Crónica Venecia 2020: "Dear Comrades!" la caída del mito

Autor: Joan Sala Fuente: Filmin

Crónica Venecia 2020: "Dear Comrades!" la caída del mito

Tras hacerse con el Premio a Mejor Director con la extraordinaria "Paraíso" en la Mostra de Venecia 2016, el veterano Andrei Konchalovsky vuelve a la lucha por el León de Oro con "Dear Comrades!", otra obra extraordinaria que viene nuevamente abanderada por un inmaculado empleo del blanco y negro, aunque en este caso su trasfondo abrace un polo completamente opuesto. Los males del Nazismo dan paso a los del comunismo.

¿De qué va?

Novocherkask, Unión Soviética, 1962. Lyudmila es miembro del partido comunista local. Ella defiende los ideales del régimen comunista y desprecia todo tipo de disidencia. Durante una huelga laboral en una fábrica de motores, ve cómo el ejército mandado por el Gobierno dispara a los protestantes y causa una masacre. Ese suceso cambiará su visión del mundo para siempre. Con la ciudad destruida y agitada por las revueltas, hay mucha gente herida y desaparecida. Una de las desaparecidas es la hija de Lyudmila, lo que le obligará a buscarla entre el caos.

¿Quién está detrás?

Con los 80 recién cumplidos, y sumando, Andrei Konchalovsky, mítico colaborador de Tarkovski, también director de "El Tren del Infierno""Tango & Cash" "Homer & Eddie", confirma la plena buena forma que demostró recuperar con "El cartero de las noches blancas", a competición en Venecia 2014 y sobre todo con "Paraíso", suerte de evocación de "La Lista de Schindler", un homenaje espiritualmente profundo y estéticamente exquisito hacia las víctimas rusas de la II Guerra Mundial, que tenía como sus principales señas de identidad el poderío del monólogo confesional y el examen de conciencia, una  pulcra propuesta monocromática y un insólito empleo del found footage.

¿Qué es?

"Chernobyl" + "Bloody Sunday"

¿Qué ofrece?

Cuenta el ilustre realizador ruso que con "Dear Comrades! quería hacer una película sobre la generación de sus padres, aquella que luchó y sobrevivió a la Segunda Guerra Mundial con la convicción de que era un honor morir "por la Patria, por Stalin", que atesoraba una confianza incondicional en los objetivos del comunismo, en la posibilidad de crear una nueva sociedad a través del esfuerzo de millones de personas. Para ello, toma como punto de partida un hecho real acaecido en Novocherkask en 1962, con la muerte de Stalin aún en caliente y con la nueva Unión Soviética dando sus primeros pasos. Hablamos de un hecho real convertido en tragedia que directamente erosiona todos aquellos valores, humanos, sociales y laborales, por los que supuestamente se regía la política comunista del imperio soviético. La devoción incondicional del individuo manipulada y subyugada por los corruptos y desalmados mecanismos de un insondable aparato de estado represivo y autoritario. La pureza ideológica de una generación absolutamente demolida por ello y, lo que resulta más devastador aún, algo que no es para nada nuevo y que más bien ha sido recurrente y se han venido sufriendo las generaciones previas.

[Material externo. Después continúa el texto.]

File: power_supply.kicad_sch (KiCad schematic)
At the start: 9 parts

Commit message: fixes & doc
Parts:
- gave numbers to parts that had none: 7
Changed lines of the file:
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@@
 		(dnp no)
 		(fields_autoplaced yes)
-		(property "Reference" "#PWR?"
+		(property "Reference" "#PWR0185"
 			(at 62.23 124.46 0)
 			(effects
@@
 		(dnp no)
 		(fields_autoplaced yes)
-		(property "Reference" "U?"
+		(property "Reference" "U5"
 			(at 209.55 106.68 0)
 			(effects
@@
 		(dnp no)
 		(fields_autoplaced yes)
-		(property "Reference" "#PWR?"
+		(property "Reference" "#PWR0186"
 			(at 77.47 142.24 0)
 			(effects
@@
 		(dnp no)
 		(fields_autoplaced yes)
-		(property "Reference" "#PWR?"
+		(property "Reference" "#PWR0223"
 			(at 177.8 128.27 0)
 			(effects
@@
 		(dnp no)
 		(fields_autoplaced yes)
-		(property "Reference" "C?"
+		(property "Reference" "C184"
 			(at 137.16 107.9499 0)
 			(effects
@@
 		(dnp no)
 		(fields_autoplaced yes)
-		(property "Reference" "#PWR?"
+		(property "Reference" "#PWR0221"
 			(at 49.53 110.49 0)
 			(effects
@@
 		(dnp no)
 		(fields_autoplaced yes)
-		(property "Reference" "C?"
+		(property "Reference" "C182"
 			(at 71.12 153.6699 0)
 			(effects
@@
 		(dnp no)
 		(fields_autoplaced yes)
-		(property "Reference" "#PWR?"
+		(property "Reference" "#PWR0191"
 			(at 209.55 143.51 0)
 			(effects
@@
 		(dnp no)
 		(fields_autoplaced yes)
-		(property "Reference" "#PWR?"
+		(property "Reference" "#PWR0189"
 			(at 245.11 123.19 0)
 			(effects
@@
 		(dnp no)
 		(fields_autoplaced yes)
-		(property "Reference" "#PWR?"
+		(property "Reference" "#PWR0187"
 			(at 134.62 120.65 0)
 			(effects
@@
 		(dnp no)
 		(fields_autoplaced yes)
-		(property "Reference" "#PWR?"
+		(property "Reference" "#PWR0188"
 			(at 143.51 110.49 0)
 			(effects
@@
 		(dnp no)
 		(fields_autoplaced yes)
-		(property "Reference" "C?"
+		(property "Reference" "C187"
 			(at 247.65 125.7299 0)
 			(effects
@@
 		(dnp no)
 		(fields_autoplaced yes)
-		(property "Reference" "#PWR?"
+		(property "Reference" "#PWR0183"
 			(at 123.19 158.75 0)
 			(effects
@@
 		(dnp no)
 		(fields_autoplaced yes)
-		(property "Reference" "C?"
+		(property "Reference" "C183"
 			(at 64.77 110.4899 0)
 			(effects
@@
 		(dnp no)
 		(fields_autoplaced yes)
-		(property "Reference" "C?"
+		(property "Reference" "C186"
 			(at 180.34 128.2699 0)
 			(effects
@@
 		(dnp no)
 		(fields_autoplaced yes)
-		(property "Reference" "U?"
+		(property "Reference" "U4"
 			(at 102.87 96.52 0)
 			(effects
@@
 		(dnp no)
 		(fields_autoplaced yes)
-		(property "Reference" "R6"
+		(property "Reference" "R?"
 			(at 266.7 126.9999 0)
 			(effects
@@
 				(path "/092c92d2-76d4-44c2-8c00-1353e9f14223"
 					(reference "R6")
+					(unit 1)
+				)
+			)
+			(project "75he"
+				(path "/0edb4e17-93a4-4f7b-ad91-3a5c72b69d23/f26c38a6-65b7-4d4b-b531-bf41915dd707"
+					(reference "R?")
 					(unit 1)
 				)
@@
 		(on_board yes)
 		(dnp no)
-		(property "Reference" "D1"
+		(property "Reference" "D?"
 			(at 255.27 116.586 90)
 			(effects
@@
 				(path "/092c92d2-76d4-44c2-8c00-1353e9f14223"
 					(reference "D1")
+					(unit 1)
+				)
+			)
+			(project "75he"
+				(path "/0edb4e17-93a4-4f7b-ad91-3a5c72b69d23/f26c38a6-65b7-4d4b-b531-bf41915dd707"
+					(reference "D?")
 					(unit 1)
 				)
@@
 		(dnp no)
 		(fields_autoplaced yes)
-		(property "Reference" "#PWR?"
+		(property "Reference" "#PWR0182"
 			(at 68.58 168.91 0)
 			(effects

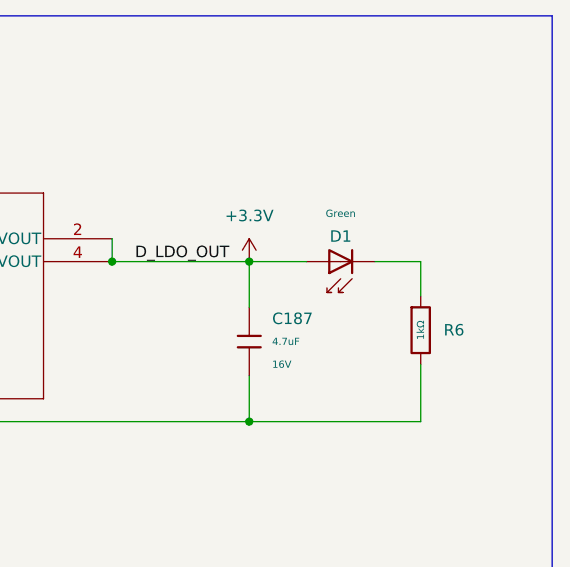
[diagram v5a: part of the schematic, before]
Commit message: Add WS2812 footprints, resistors and net names
Replace generic switch footprints with proper SMD components and metadata: add WS2812B RGB LED footprints (with pads, nets, 3D models and part/Datasheet/LCSC info), add many resistor footprints and detailed properties, and update net names for LED data lines (e.g. Net-(D201-DIN/DOUT) etc.). Also adjust footprint positions, pad assignments, sheet references (LED/HE Sensors), and footprint drawing/printer layers to match correct component geometry for assembly and BOM generation.
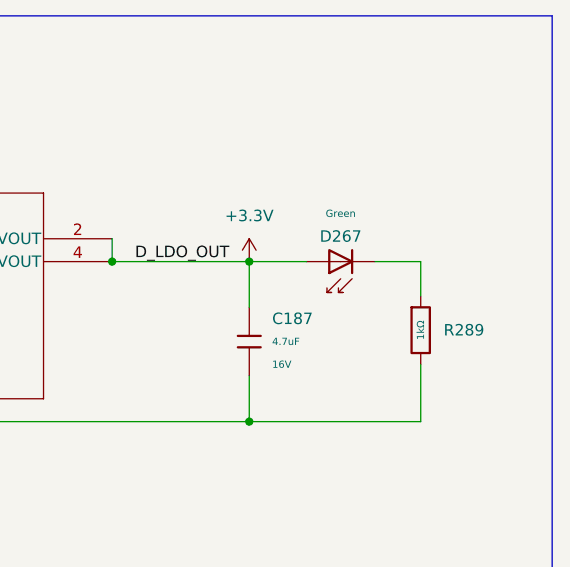
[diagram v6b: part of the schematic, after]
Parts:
- renumbered D1 to D267, R6 to R289
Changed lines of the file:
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@@
 		(dnp no)
 		(fields_autoplaced yes)
-		(property "Reference" "R?"
+		(property "Reference" "R289"
 			(at 266.7 126.9999 0)
 			(effects
@@
 			(project "75he"
 				(path "/0edb4e17-93a4-4f7b-ad91-3a5c72b69d23/f26c38a6-65b7-4d4b-b531-bf41915dd707"
-					(reference "R?")
+					(reference "R289")
 					(unit 1)
 				)
@@
 		(on_board yes)
 		(dnp no)
-		(property "Reference" "D?"
+		(property "Reference" "D267"
 			(at 255.27 116.586 90)
 			(effects
@@
 			(project "75he"
 				(path "/0edb4e17-93a4-4f7b-ad91-3a5c72b69d23/f26c38a6-65b7-4d4b-b531-bf41915dd707"
-					(reference "D?")
+					(reference "D267")
 					(unit 1)
 				)

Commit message: Update 0402 resistors to 680Ω and add libs
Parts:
- U4: footprint RGW0020A-IPC_A -> TPS7A4701RGWR:RGW0020A-IPC_A
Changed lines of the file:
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@@
 			(project "power_supply"
 				(path "/092c92d2-76d4-44c2-8c00-1353e9f14223"
-					(reference "#PWR?")
+					(reference "#PWR02")
 					(unit 1)
 				)
@@
 			(project "power_supply"
 				(path "/092c92d2-76d4-44c2-8c00-1353e9f14223"
-					(reference "U?")
+					(reference "U2")
 					(unit 1)
 				)
@@
 			(project "power_supply"
 				(path "/092c92d2-76d4-44c2-8c00-1353e9f14223"
-					(reference "#PWR?")
+					(reference "#PWR04")
 					(unit 1)
 				)
@@
 			(project "power_supply"
 				(path "/092c92d2-76d4-44c2-8c00-1353e9f14223"
-					(reference "#PWR?")
+					(reference "#PWR08")
 					(unit 1)
 				)
@@
 			(project "power_supply"
 				(path "/092c92d2-76d4-44c2-8c00-1353e9f14223"
-					(reference "C?")
+					(reference "C3")
 					(unit 1)
 				)
@@
 			(project "power_supply"
 				(path "/092c92d2-76d4-44c2-8c00-1353e9f14223"
-					(reference "#PWR?")
+					(reference "#PWR01")
 					(unit 1)
 				)
@@
 			(project "power_supply"
 				(path "/092c92d2-76d4-44c2-8c00-1353e9f14223"
-					(reference "C?")
+					(reference "C2")
 					(unit 1)
 				)
@@
 			(project "power_supply"
 				(path "/092c92d2-76d4-44c2-8c00-1353e9f14223"
-					(reference "#PWR?")
+					(reference "#PWR09")
 					(unit 1)
 				)
@@
 			(project "power_supply"
 				(path "/092c92d2-76d4-44c2-8c00-1353e9f14223"
-					(reference "#PWR?")
+					(reference "#PWR010")
 					(unit 1)
 				)
@@
 			(project "power_supply"
 				(path "/092c92d2-76d4-44c2-8c00-1353e9f14223"
-					(reference "#PWR?")
+					(reference "#PWR06")
 					(unit 1)
 				)
@@
 			(project "power_supply"
 				(path "/092c92d2-76d4-44c2-8c00-1353e9f14223"
-					(reference "#PWR?")
+					(reference "#PWR07")
 					(unit 1)
 				)
@@
 			(project "power_supply"
 				(path "/092c92d2-76d4-44c2-8c00-1353e9f14223"
-					(reference "C?")
+					(reference "C5")
 					(unit 1)
 				)
@@
 			(project "power_supply"
 				(path "/092c92d2-76d4-44c2-8c00-1353e9f14223"
-					(reference "#PWR?")
+					(reference "#PWR05")
 					(unit 1)
 				)
@@
 			(project "power_supply"
 				(path "/092c92d2-76d4-44c2-8c00-1353e9f14223"
-					(reference "C?")
+					(reference "C1")
 					(unit 1)
 				)
@@
 			(project "power_supply"
 				(path "/092c92d2-76d4-44c2-8c00-1353e9f14223"
-					(reference "C?")
+					(reference "C4")
 					(unit 1)
 				)
@@
 			)
 		)
-		(property "Footprint" "RGW0020A-IPC_A"
+		(property "Footprint" "TPS7A4701RGWR:RGW0020A-IPC_A"
 			(at 82.55 106.68 0)
 			(effects
@@
 			(project "power_supply"
 				(path "/092c92d2-76d4-44c2-8c00-1353e9f14223"
-					(reference "U?")
+					(reference "U1")
 					(unit 1)
 				)
@@
 			(project "power_supply"
 				(path "/092c92d2-76d4-44c2-8c00-1353e9f14223"
-					(reference "#PWR?")
-					(unit 1)
-				)
+					(reference "#PWR03")
+					(unit 1)
+				)

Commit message: clean schematics
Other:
- note removed: "Alimentation: Alimentation 3.3V: Alimentation (4V) TPS62913 (1.53$) 2 x 10uF (0.011$) 2.2nF (0.0011$) 470uF (0.0072$) 5 x 22uF (0.024$) FB (0.077$) R1 (0.037$) R2 (0.0012$) TOTAL = 1.8$ Analogique: TPS7A4701RGWR (1.71$) Numérique: LDL1117S33R (0.12$)"
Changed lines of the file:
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@@
-		)
-	)
-	(text "Alimentation:\n\nAlimentation 3.3V:\n\nAlimentation (4V)\n\nTPS62913 (1.53$)\n2 x 10uF (0.011$)\n2.2nF (0.0011$)\n470uF (0.0072$)\n5 x 22uF (0.024$)\nFB (0.077$)\nR1 (0.037$)\nR2 (0.0012$)\n\nTOTAL = 1.8$\n\n\nAnalogique:\n\nTPS7A4701RGWR (1.71$)\n\nNumérique:\n\nLDL1117S33R (0.12$)"
-		(exclude_from_sim no)
-		(at 239.014 51.308 0)
-		(effects
-			(font
-				(size 1.27 1.27)
-			)
-			(justify left)
 		)
 	)

Un contexto devastador y complejo que Andrei Konchalovsky reconstruye con absoluta fidelidad y precisión, incidiendo en los hechos que realmente sucedieron, señalando esta época como lo que el paso del tiempo ha demostrado que verdaderamente es: una suerte de irreversible punto de inflexión en el que la Historia destapa la trágica realidad de los hechos, marcada por el derrrumbamiento del mito y la traición a unos ideales que parecían incorruptibles. Es sobre esta revelación que "Dear Comrades!" reconstruye de forma impecable los hechos a través de un pulcro y preciosista empleo del blanco y negro tal y como ya hiciera con "Paraíso". Una pena, sin embargo, que en este caso lo haga desde el máximo rigor y no se aventure a incidir en la fuga y la ruptura como ya lo hiciera con su anterior y también excepcional película. Aún y así, obra mayor.